A word of warning: Neither I nor sUBs are responsible for any damage you may have caused your machine by running ComboFix. This tool is not a toy and not for everyday use.

I'm sure you can imagine I'm a bit wary of doing all of these fixes especially with warnings so before I attempt to run these programs I'd just like to ask a couple of questions.

The P2P software you mention, are you talking about Bittorrent? Because That's the only software I can think of that would be classed as P2P. I will remove it anyway as I've been meaning to.

Secondly, that link you posted... Although you've obfuscated it, when changing the hxxp to http (which I assumed is what I'm meant to do?) I get a broken link page. So I'm unsure of what I'm doing there. I'm a little computer illiterate with certain things, sorry!

Quote

Yes, BitTorrent is the client in your case (uninstall DNA -entry as well).

Quote

I didn't mean you should visit it. Just wanted to know if the link looked familiar to you

I've uninstalled BitTorrent as well as DNA and that link does not look familiar to me.

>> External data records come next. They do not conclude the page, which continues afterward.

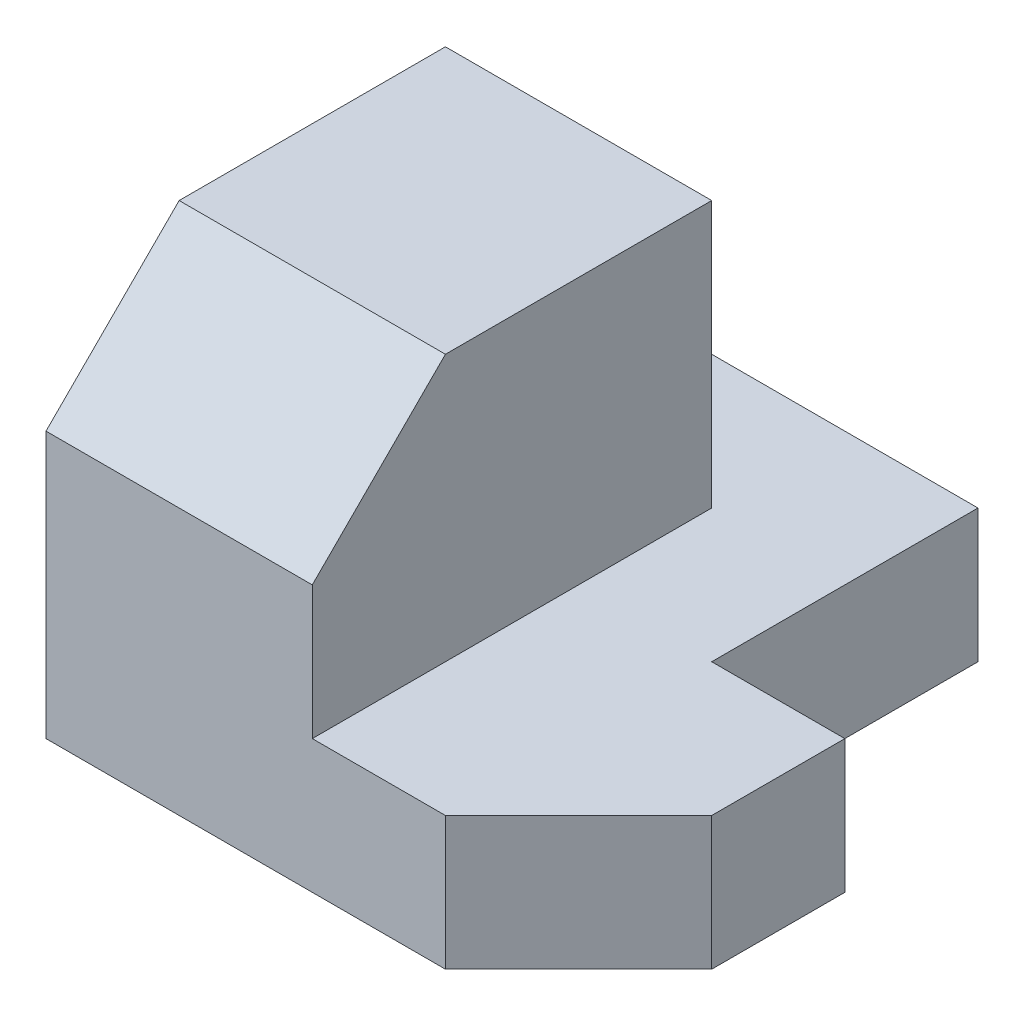
ISO-10303-21;
HEADER;
FILE_DESCRIPTION(('STEP AP214'),'2;1');
FILE_NAME('part.step','',(''),(''),'','','');
FILE_SCHEMA(('AUTOMOTIVE_DESIGN { 1 0 10303 214 1 1 1 1 }'));
ENDSEC;
DATA;
#1=APPLICATION_CONTEXT('core data for automotive mechanical design processes');
#2=APPLICATION_PROTOCOL_DEFINITION('international standard','automotive_design',2000,#1);
#3=PRODUCT_CONTEXT('',#1,'mechanical');
#4=PRODUCT('Part','Part','',(#3));
#5=PRODUCT_RELATED_PRODUCT_CATEGORY('part','',(#4));
#6=PRODUCT_DEFINITION_FORMATION('','',#4);
#7=PRODUCT_DEFINITION_CONTEXT('part definition',#1,'design');
#8=PRODUCT_DEFINITION('design','',#6,#7);
#9=PRODUCT_DEFINITION_SHAPE('','',#8);
#10=(LENGTH_UNIT() NAMED_UNIT(*) SI_UNIT(.MILLI.,.METRE.));
#11=(NAMED_UNIT(*) PLANE_ANGLE_UNIT() SI_UNIT($,.RADIAN.));
#12=(NAMED_UNIT(*) SI_UNIT($,.STERADIAN.) SOLID_ANGLE_UNIT());
#13=UNCERTAINTY_MEASURE_WITH_UNIT(LENGTH_MEASURE(1.E-05),#10,'distance_accuracy_value','');
#14=(GEOMETRIC_REPRESENTATION_CONTEXT(3) GLOBAL_UNCERTAINTY_ASSIGNED_CONTEXT((#13)) GLOBAL_UNIT_ASSIGNED_CONTEXT((#10,
#11,#12)) REPRESENTATION_CONTEXT('',''));
#15=CARTESIAN_POINT('',(0.,0.,0.));
#16=DIRECTION('',(0.,0.,1.));
#17=DIRECTION('',(1.,0.,0.));
#18=AXIS2_PLACEMENT_3D('',#15,#16,#17);
#19=CARTESIAN_POINT('',(0.,5.,0.));
#20=DIRECTION('',(0.,-1.,0.));
#21=DIRECTION('',(0.,0.,-1.));
#22=AXIS2_PLACEMENT_3D('',#19,#20,#21);
#23=PLANE('',#22);
#24=DIRECTION('',(-1.,0.,0.));
#25=VECTOR('',#24,1.);
#26=CARTESIAN_POINT('',(10.,5.,-15.));
#27=LINE('',#26,#25);
#28=CARTESIAN_POINT('',(10.,5.,-15.));
#29=VERTEX_POINT('',#28);
#30=CARTESIAN_POINT('',(0.,5.,-15.));
#31=VERTEX_POINT('',#30);
#32=EDGE_CURVE('E137',#29,#31,#27,.T.);
#33=ORIENTED_EDGE('',*,*,#32,.F.);
#34=DIRECTION('',(0.,0.,1.));
#35=VECTOR('',#34,1.);
#36=CARTESIAN_POINT('',(10.,5.,0.));
#37=LINE('',#36,#35);
#38=CARTESIAN_POINT('',(10.,5.,0.));
#39=VERTEX_POINT('',#38);
#40=EDGE_CURVE('E186',#29,#39,#37,.T.);
#41=ORIENTED_EDGE('',*,*,#40,.T.);
#42=DIRECTION('',(1.,0.,0.));
#43=VECTOR('',#42,1.);
#44=CARTESIAN_POINT('',(0.,5.,0.));
#45=LINE('',#44,#43);
#46=CARTESIAN_POINT('',(15.,5.,0.));
#47=VERTEX_POINT('',#46);
#48=EDGE_CURVE('E94',#39,#47,#45,.T.);
#49=ORIENTED_EDGE('',*,*,#48,.T.);
#50=DIRECTION('',(0.707106781186547,0.,-0.707106781186548));
#51=VECTOR('',#50,1.);
#52=CARTESIAN_POINT('',(20.,5.,-5.));
#53=LINE('',#52,#51);
#54=CARTESIAN_POINT('',(20.,5.,-5.));
#55=VERTEX_POINT('',#54);
#56=EDGE_CURVE('E159',#47,#55,#53,.T.);
#57=ORIENTED_EDGE('',*,*,#56,.T.);
#58=DIRECTION('',(0.,0.,-1.));
#59=VECTOR('',#58,1.);
#60=CARTESIAN_POINT('',(20.,5.,-5.));
#61=LINE('',#60,#59);
#62=CARTESIAN_POINT('',(20.,5.,-10.));
#63=VERTEX_POINT('',#62);
#64=EDGE_CURVE('E112',#55,#63,#61,.T.);
#65=ORIENTED_EDGE('',*,*,#64,.T.);
#66=DIRECTION('',(-1.,0.,0.));
#67=VECTOR('',#66,1.);
#68=CARTESIAN_POINT('',(15.,5.,-10.));
#69=LINE('',#68,#67);
#70=CARTESIAN_POINT('',(15.,5.,-10.));
#71=VERTEX_POINT('',#70);
#72=EDGE_CURVE('E105',#63,#71,#69,.T.);
#73=ORIENTED_EDGE('',*,*,#72,.T.);
#74=DIRECTION('',(0.,0.,-1.));
#75=VECTOR('',#74,1.);
#76=CARTESIAN_POINT('',(15.,5.,-20.));
#77=LINE('',#76,#75);
#78=CARTESIAN_POINT('',(15.,5.,-20.));
#79=VERTEX_POINT('',#78);
#80=EDGE_CURVE('E109',#71,#79,#77,.T.);
#81=ORIENTED_EDGE('',*,*,#80,.T.);
#82=DIRECTION('',(-1.,0.,0.));
#83=VECTOR('',#82,1.);
#84=CARTESIAN_POINT('',(0.,5.,-20.));
#85=LINE('',#84,#83);
#86=CARTESIAN_POINT('',(0.,5.,-20.));
#87=VERTEX_POINT('',#86);
#88=EDGE_CURVE('E57',#79,#87,#85,.T.);
#89=ORIENTED_EDGE('',*,*,#88,.T.);
#90=DIRECTION('',(0.,0.,1.));
#91=VECTOR('',#90,1.);
#92=CARTESIAN_POINT('',(0.,5.,0.));
#93=LINE('',#92,#91);
#94=EDGE_CURVE('E147',#87,#31,#93,.T.);
#95=ORIENTED_EDGE('',*,*,#94,.T.);
#96=EDGE_LOOP('',(#33,#41,#49,#57,#65,#73,#81,#89,#95));
#97=FACE_BOUND('',#96,.T.);
#98=ADVANCED_FACE('F33',(#97),#23,.F.);
#99=CARTESIAN_POINT('',(0.,5.,0.));
#100=DIRECTION('',(1.,0.,0.));
#101=DIRECTION('',(0.,0.,-1.));
#102=AXIS2_PLACEMENT_3D('',#99,#100,#101);
#103=PLANE('',#102);
#104=DIRECTION('',(0.,0.,1.));
#105=VECTOR('',#104,1.);
#106=CARTESIAN_POINT('',(0.,0.,0.));
#107=LINE('',#106,#105);
#108=CARTESIAN_POINT('',(0.,0.,-20.));
#109=VERTEX_POINT('',#108);
#110=CARTESIAN_POINT('',(0.,0.,0.));
#111=VERTEX_POINT('',#110);
#112=EDGE_CURVE('E133',#109,#111,#107,.T.);
#113=ORIENTED_EDGE('',*,*,#112,.T.);
#114=DIRECTION('',(0.,-1.,0.));
#115=VECTOR('',#114,1.);
#116=CARTESIAN_POINT('',(0.,5.,0.));
#117=LINE('',#116,#115);
#118=CARTESIAN_POINT('',(0.,10.,0.));
#119=VERTEX_POINT('',#118);
#120=EDGE_CURVE('E11',#119,#111,#117,.T.);
#121=ORIENTED_EDGE('',*,*,#120,.F.);
#122=DIRECTION('',(0.,0.707106781186547,-0.707106781186548));
#123=VECTOR('',#122,1.);
#124=CARTESIAN_POINT('',(0.,15.,-5.));
#125=LINE('',#124,#123);
#126=CARTESIAN_POINT('',(0.,15.,-5.));
#127=VERTEX_POINT('',#126);
#128=EDGE_CURVE('E190',#119,#127,#125,.T.);
#129=ORIENTED_EDGE('',*,*,#128,.T.);
#130=DIRECTION('',(0.,0.,-1.));
#131=VECTOR('',#130,1.);
#132=CARTESIAN_POINT('',(0.,15.,-15.));
#133=LINE('',#132,#131);
#134=CARTESIAN_POINT('',(0.,15.,-15.));
#135=VERTEX_POINT('',#134);
#136=EDGE_CURVE('E187',#127,#135,#133,.T.);
#137=ORIENTED_EDGE('',*,*,#136,.T.);
#138=DIRECTION('',(0.,-1.,0.));
#139=VECTOR('',#138,1.);
#140=CARTESIAN_POINT('',(0.,5.,-15.));
#141=LINE('',#140,#139);
#142=EDGE_CURVE('E183',#135,#31,#141,.T.);
#143=ORIENTED_EDGE('',*,*,#142,.T.);
#144=ORIENTED_EDGE('',*,*,#94,.F.);
#145=DIRECTION('',(0.,-1.,0.));
#146=VECTOR('',#145,1.);
#147=CARTESIAN_POINT('',(0.,5.,-20.));
#148=LINE('',#147,#146);
#149=EDGE_CURVE('E129',#87,#109,#148,.T.);
#150=ORIENTED_EDGE('',*,*,#149,.T.);
#151=EDGE_LOOP('',(#113,#121,#129,#137,#143,#144,#150));
#152=FACE_BOUND('',#151,.T.);
#153=ADVANCED_FACE('F35',(#152),#103,.F.);
#154=CARTESIAN_POINT('',(0.,5.,0.));
#155=DIRECTION('',(0.,0.,-1.));
#156=DIRECTION('',(-1.,0.,0.));
#157=AXIS2_PLACEMENT_3D('',#154,#155,#156);
#158=PLANE('',#157);
#159=DIRECTION('',(1.,0.,0.));
#160=VECTOR('',#159,1.);
#161=CARTESIAN_POINT('',(0.,0.,0.));
#162=LINE('',#161,#160);
#163=CARTESIAN_POINT('',(15.,0.,0.));
#164=VERTEX_POINT('',#163);
#165=EDGE_CURVE('E136',#111,#164,#162,.T.);
#166=ORIENTED_EDGE('',*,*,#165,.T.);
#167=DIRECTION('',(0.,-1.,0.));
#168=VECTOR('',#167,1.);
#169=CARTESIAN_POINT('',(15.,5.,0.));
#170=LINE('',#169,#168);
#171=EDGE_CURVE('E41',#47,#164,#170,.T.);
#172=ORIENTED_EDGE('',*,*,#171,.F.);
#173=ORIENTED_EDGE('',*,*,#48,.F.);
#174=DIRECTION('',(0.,1.,0.));
#175=VECTOR('',#174,1.);
#176=CARTESIAN_POINT('',(10.,10.,0.));
#177=LINE('',#176,#175);
#178=CARTESIAN_POINT('',(10.,10.,0.));
#179=VERTEX_POINT('',#178);
#180=EDGE_CURVE('E48',#39,#179,#177,.T.);
#181=ORIENTED_EDGE('',*,*,#180,.T.);
#182=DIRECTION('',(-1.,0.,0.));
#183=VECTOR('',#182,1.);
#184=CARTESIAN_POINT('',(10.,10.,0.));
#185=LINE('',#184,#183);
#186=EDGE_CURVE('E171',#179,#119,#185,.T.);
#187=ORIENTED_EDGE('',*,*,#186,.T.);
#188=ORIENTED_EDGE('',*,*,#120,.T.);
#189=EDGE_LOOP('',(#166,#172,#173,#181,#187,#188));
#190=FACE_BOUND('',#189,.T.);
#191=ADVANCED_FACE('F203',(#190),#158,.F.);
#192=CARTESIAN_POINT('',(20.,5.,-5.));
#193=DIRECTION('',(-0.707106781186548,0.,-0.707106781186547));
#194=DIRECTION('',(-0.707106781186547,0.,0.707106781186548));
#195=AXIS2_PLACEMENT_3D('',#192,#193,#194);
#196=PLANE('',#195);
#197=DIRECTION('',(0.707106781186547,0.,-0.707106781186548));
#198=VECTOR('',#197,1.);
#199=CARTESIAN_POINT('',(20.,0.,-5.));
#200=LINE('',#199,#198);
#201=CARTESIAN_POINT('',(20.,0.,-5.));
#202=VERTEX_POINT('',#201);
#203=EDGE_CURVE('E139',#164,#202,#200,.T.);
#204=ORIENTED_EDGE('',*,*,#203,.T.);
#205=DIRECTION('',(0.,-1.,0.));
#206=VECTOR('',#205,1.);
#207=CARTESIAN_POINT('',(20.,5.,-5.));
#208=LINE('',#207,#206);
#209=EDGE_CURVE('E151',#55,#202,#208,.T.);
#210=ORIENTED_EDGE('',*,*,#209,.F.);
#211=ORIENTED_EDGE('',*,*,#56,.F.);
#212=ORIENTED_EDGE('',*,*,#171,.T.);
#213=EDGE_LOOP('',(#204,#210,#211,#212));
#214=FACE_BOUND('',#213,.T.);
#215=ADVANCED_FACE('F157',(#214),#196,.F.);
#216=CARTESIAN_POINT('',(20.,5.,-5.));
#217=DIRECTION('',(-1.,0.,0.));
#218=DIRECTION('',(0.,0.,1.));
#219=AXIS2_PLACEMENT_3D('',#216,#217,#218);
#220=PLANE('',#219);
#221=DIRECTION('',(0.,0.,-1.));
#222=VECTOR('',#221,1.);
#223=CARTESIAN_POINT('',(20.,0.,-5.));
#224=LINE('',#223,#222);
#225=CARTESIAN_POINT('',(20.,0.,-10.));
#226=VERTEX_POINT('',#225);
#227=EDGE_CURVE('E141',#202,#226,#224,.T.);
#228=ORIENTED_EDGE('',*,*,#227,.T.);
#229=DIRECTION('',(0.,-1.,0.));
#230=VECTOR('',#229,1.);
#231=CARTESIAN_POINT('',(20.,5.,-10.));
#232=LINE('',#231,#230);
#233=EDGE_CURVE('E124',#63,#226,#232,.T.);
#234=ORIENTED_EDGE('',*,*,#233,.F.);
#235=ORIENTED_EDGE('',*,*,#64,.F.);
#236=ORIENTED_EDGE('',*,*,#209,.T.);
#237=EDGE_LOOP('',(#228,#234,#235,#236));
#238=FACE_BOUND('',#237,.T.);
#239=ADVANCED_FACE('F166',(#238),#220,.F.);
#240=CARTESIAN_POINT('',(15.,5.,-10.));
#241=DIRECTION('',(0.,0.,1.));
#242=DIRECTION('',(1.,0.,0.));
#243=AXIS2_PLACEMENT_3D('',#240,#241,#242);
#244=PLANE('',#243);
#245=DIRECTION('',(-1.,0.,0.));
#246=VECTOR('',#245,1.);
#247=CARTESIAN_POINT('',(15.,0.,-10.));
#248=LINE('',#247,#246);
#249=CARTESIAN_POINT('',(15.,0.,-10.));
#250=VERTEX_POINT('',#249);
#251=EDGE_CURVE('E121',#226,#250,#248,.T.);
#252=ORIENTED_EDGE('',*,*,#251,.T.);
#253=DIRECTION('',(0.,-1.,0.));
#254=VECTOR('',#253,1.);
#255=CARTESIAN_POINT('',(15.,5.,-10.));
#256=LINE('',#255,#254);
#257=EDGE_CURVE('E118',#71,#250,#256,.T.);
#258=ORIENTED_EDGE('',*,*,#257,.F.);
#259=ORIENTED_EDGE('',*,*,#72,.F.);
#260=ORIENTED_EDGE('',*,*,#233,.T.);
#261=EDGE_LOOP('',(#252,#258,#259,#260));
#262=FACE_BOUND('',#261,.T.);
#263=ADVANCED_FACE('F119',(#262),#244,.F.);
#264=CARTESIAN_POINT('',(15.,5.,-20.));
#265=DIRECTION('',(-1.,0.,0.));
#266=DIRECTION('',(0.,0.,1.));
#267=AXIS2_PLACEMENT_3D('',#264,#265,#266);
#268=PLANE('',#267);
#269=DIRECTION('',(0.,0.,-1.));
#270=VECTOR('',#269,1.);
#271=CARTESIAN_POINT('',(15.,0.,-20.));
#272=LINE('',#271,#270);
#273=CARTESIAN_POINT('',(15.,0.,-20.));
#274=VERTEX_POINT('',#273);
#275=EDGE_CURVE('E144',#250,#274,#272,.T.);
#276=ORIENTED_EDGE('',*,*,#275,.T.);
#277=DIRECTION('',(0.,-1.,0.));
#278=VECTOR('',#277,1.);
#279=CARTESIAN_POINT('',(15.,5.,-20.));
#280=LINE('',#279,#278);
#281=EDGE_CURVE('E125',#79,#274,#280,.T.);
#282=ORIENTED_EDGE('',*,*,#281,.F.);
#283=ORIENTED_EDGE('',*,*,#80,.F.);
#284=ORIENTED_EDGE('',*,*,#257,.T.);
#285=EDGE_LOOP('',(#276,#282,#283,#284));
#286=FACE_BOUND('',#285,.T.);
#287=ADVANCED_FACE('F127',(#286),#268,.F.);
#288=CARTESIAN_POINT('',(0.,5.,-20.));
#289=DIRECTION('',(0.,0.,1.));
#290=DIRECTION('',(1.,0.,0.));
#291=AXIS2_PLACEMENT_3D('',#288,#289,#290);
#292=PLANE('',#291);
#293=DIRECTION('',(-1.,0.,0.));
#294=VECTOR('',#293,1.);
#295=CARTESIAN_POINT('',(0.,0.,-20.));
#296=LINE('',#295,#294);
#297=EDGE_CURVE('E87',#274,#109,#296,.T.);
#298=ORIENTED_EDGE('',*,*,#297,.T.);
#299=ORIENTED_EDGE('',*,*,#149,.F.);
#300=ORIENTED_EDGE('',*,*,#88,.F.);
#301=ORIENTED_EDGE('',*,*,#281,.T.);
#302=EDGE_LOOP('',(#298,#299,#300,#301));
#303=FACE_BOUND('',#302,.T.);
#304=ADVANCED_FACE('F249',(#303),#292,.F.);
#305=CARTESIAN_POINT('',(0.,0.,0.));
#306=DIRECTION('',(0.,-1.,0.));
#307=DIRECTION('',(0.,0.,-1.));
#308=AXIS2_PLACEMENT_3D('',#305,#306,#307);
#309=PLANE('',#308);
#310=ORIENTED_EDGE('',*,*,#112,.F.);
#311=ORIENTED_EDGE('',*,*,#297,.F.);
#312=ORIENTED_EDGE('',*,*,#275,.F.);
#313=ORIENTED_EDGE('',*,*,#251,.F.);
#314=ORIENTED_EDGE('',*,*,#227,.F.);
#315=ORIENTED_EDGE('',*,*,#203,.F.);
#316=ORIENTED_EDGE('',*,*,#165,.F.);
#317=EDGE_LOOP('',(#310,#311,#312,#313,#314,#315,#316));
#318=FACE_BOUND('',#317,.T.);
#319=ADVANCED_FACE('F164',(#318),#309,.T.);
#320=CARTESIAN_POINT('',(10.,5.,-15.));
#321=DIRECTION('',(0.,0.,-1.));
#322=DIRECTION('',(-1.,0.,0.));
#323=AXIS2_PLACEMENT_3D('',#320,#321,#322);
#324=PLANE('',#323);
#325=ORIENTED_EDGE('',*,*,#142,.F.);
#326=DIRECTION('',(-1.,0.,0.));
#327=VECTOR('',#326,1.);
#328=CARTESIAN_POINT('',(10.,15.,-15.));
#329=LINE('',#328,#327);
#330=CARTESIAN_POINT('',(10.,15.,-15.));
#331=VERTEX_POINT('',#330);
#332=EDGE_CURVE('E178',#331,#135,#329,.T.);
#333=ORIENTED_EDGE('',*,*,#332,.F.);
#334=DIRECTION('',(0.,-1.,0.));
#335=VECTOR('',#334,1.);
#336=CARTESIAN_POINT('',(10.,5.,-15.));
#337=LINE('',#336,#335);
#338=EDGE_CURVE('E175',#331,#29,#337,.T.);
#339=ORIENTED_EDGE('',*,*,#338,.T.);
#340=ORIENTED_EDGE('',*,*,#32,.T.);
#341=EDGE_LOOP('',(#325,#333,#339,#340));
#342=FACE_BOUND('',#341,.T.);
#343=ADVANCED_FACE('F230',(#342),#324,.T.);
#344=CARTESIAN_POINT('',(10.,15.,-15.));
#345=DIRECTION('',(0.,1.,0.));
#346=DIRECTION('',(0.,0.,1.));
#347=AXIS2_PLACEMENT_3D('',#344,#345,#346);
#348=PLANE('',#347);
#349=ORIENTED_EDGE('',*,*,#136,.F.);
#350=DIRECTION('',(-1.,0.,0.));
#351=VECTOR('',#350,1.);
#352=CARTESIAN_POINT('',(10.,15.,-5.));
#353=LINE('',#352,#351);
#354=CARTESIAN_POINT('',(10.,15.,-5.));
#355=VERTEX_POINT('',#354);
#356=EDGE_CURVE('E174',#355,#127,#353,.T.);
#357=ORIENTED_EDGE('',*,*,#356,.F.);
#358=DIRECTION('',(0.,0.,-1.));
#359=VECTOR('',#358,1.);
#360=CARTESIAN_POINT('',(10.,15.,-15.));
#361=LINE('',#360,#359);
#362=EDGE_CURVE('E195',#355,#331,#361,.T.);
#363=ORIENTED_EDGE('',*,*,#362,.T.);
#364=ORIENTED_EDGE('',*,*,#332,.T.);
#365=EDGE_LOOP('',(#349,#357,#363,#364));
#366=FACE_BOUND('',#365,.T.);
#367=ADVANCED_FACE('F224',(#366),#348,.T.);
#368=CARTESIAN_POINT('',(10.,15.,-5.));
#369=DIRECTION('',(0.,0.707106781186548,0.707106781186547));
#370=DIRECTION('',(0.,-0.707106781186547,0.707106781186548));
#371=AXIS2_PLACEMENT_3D('',#368,#369,#370);
#372=PLANE('',#371);
#373=ORIENTED_EDGE('',*,*,#128,.F.);
#374=ORIENTED_EDGE('',*,*,#186,.F.);
#375=DIRECTION('',(0.,0.707106781186547,-0.707106781186548));
#376=VECTOR('',#375,1.);
#377=CARTESIAN_POINT('',(10.,15.,-5.));
#378=LINE('',#377,#376);
#379=EDGE_CURVE('E198',#179,#355,#378,.T.);
#380=ORIENTED_EDGE('',*,*,#379,.T.);
#381=ORIENTED_EDGE('',*,*,#356,.T.);
#382=EDGE_LOOP('',(#373,#374,#380,#381));
#383=FACE_BOUND('',#382,.T.);
#384=ADVANCED_FACE('F232',(#383),#372,.T.);
#385=CARTESIAN_POINT('',(10.,0.,0.));
#386=DIRECTION('',(1.,0.,0.));
#387=DIRECTION('',(0.,0.,-1.));
#388=AXIS2_PLACEMENT_3D('',#385,#386,#387);
#389=PLANE('',#388);
#390=ORIENTED_EDGE('',*,*,#40,.F.);
#391=ORIENTED_EDGE('',*,*,#338,.F.);
#392=ORIENTED_EDGE('',*,*,#362,.F.);
#393=ORIENTED_EDGE('',*,*,#379,.F.);
#394=ORIENTED_EDGE('',*,*,#180,.F.);
#395=EDGE_LOOP('',(#390,#391,#392,#393,#394));
#396=FACE_BOUND('',#395,.T.);
#397=ADVANCED_FACE('F231',(#396),#389,.T.);
#398=CLOSED_SHELL('',(#98,#153,#191,#215,#239,#263,#287,#304,#319,#343,#367,#384,#397));
#399=MANIFOLD_SOLID_BREP('B2',#398);
#400=ADVANCED_BREP_SHAPE_REPRESENTATION('',(#18,#399),#14);
#401=SHAPE_DEFINITION_REPRESENTATION(#9,#400);
ENDSEC;
END-ISO-10303-21;

I'm just posting to ask if you could not close this topic again if I don't reply straight away? Just I'm a little busy and may not be able to do the scan and post the results for a little while. Shouldn't be for too long, maybe a few days or so! Just asking in advance is all, cheers!

Hi

Topics that have been inactive more than 5 days will be closed. So, if it will take only a few days then it should be ok

Sorry to do this again bit there is just one last thing I'm confused about. I've read the tutorial for ComboFix and how it says to turn off all the anti-virus software you have. While I know how to do the majority of it, I'm stumped with Spyware Doctor 6.0. The instructions on how to disable it running at start up and the "On-guard" settings appear to be for previous versions. The instructions say:

SPYWARE DOCTOR
Click the Spyware Doctor icon in the System Tray.
Click Settings.
Click Startup Settings under Pick a Category.
Uncheck "Run at Windows startup".
Click Apply and Exit Spyware Doctor.
From within Spyware Doctor, click the "OnGuard" button on the left side.
Uncheck "Activate OnGuard".
(When we are done, you can reenable Spyware Doctor)


I have a checkbox for "Run Scan on Windows Startup" in the General tab of 'Settings' but nothing about running the actual program. And the whole "OnGuard" things seems to be incorporated into this IntelliGuard feature.


Is there something I should do with all of this? Do I leave it on? Or is there another way to disable it?

Hi

See if you can shut Spyware Doctor down completely until ComboFix has run. If not, then let ComboFix run without minding about SD.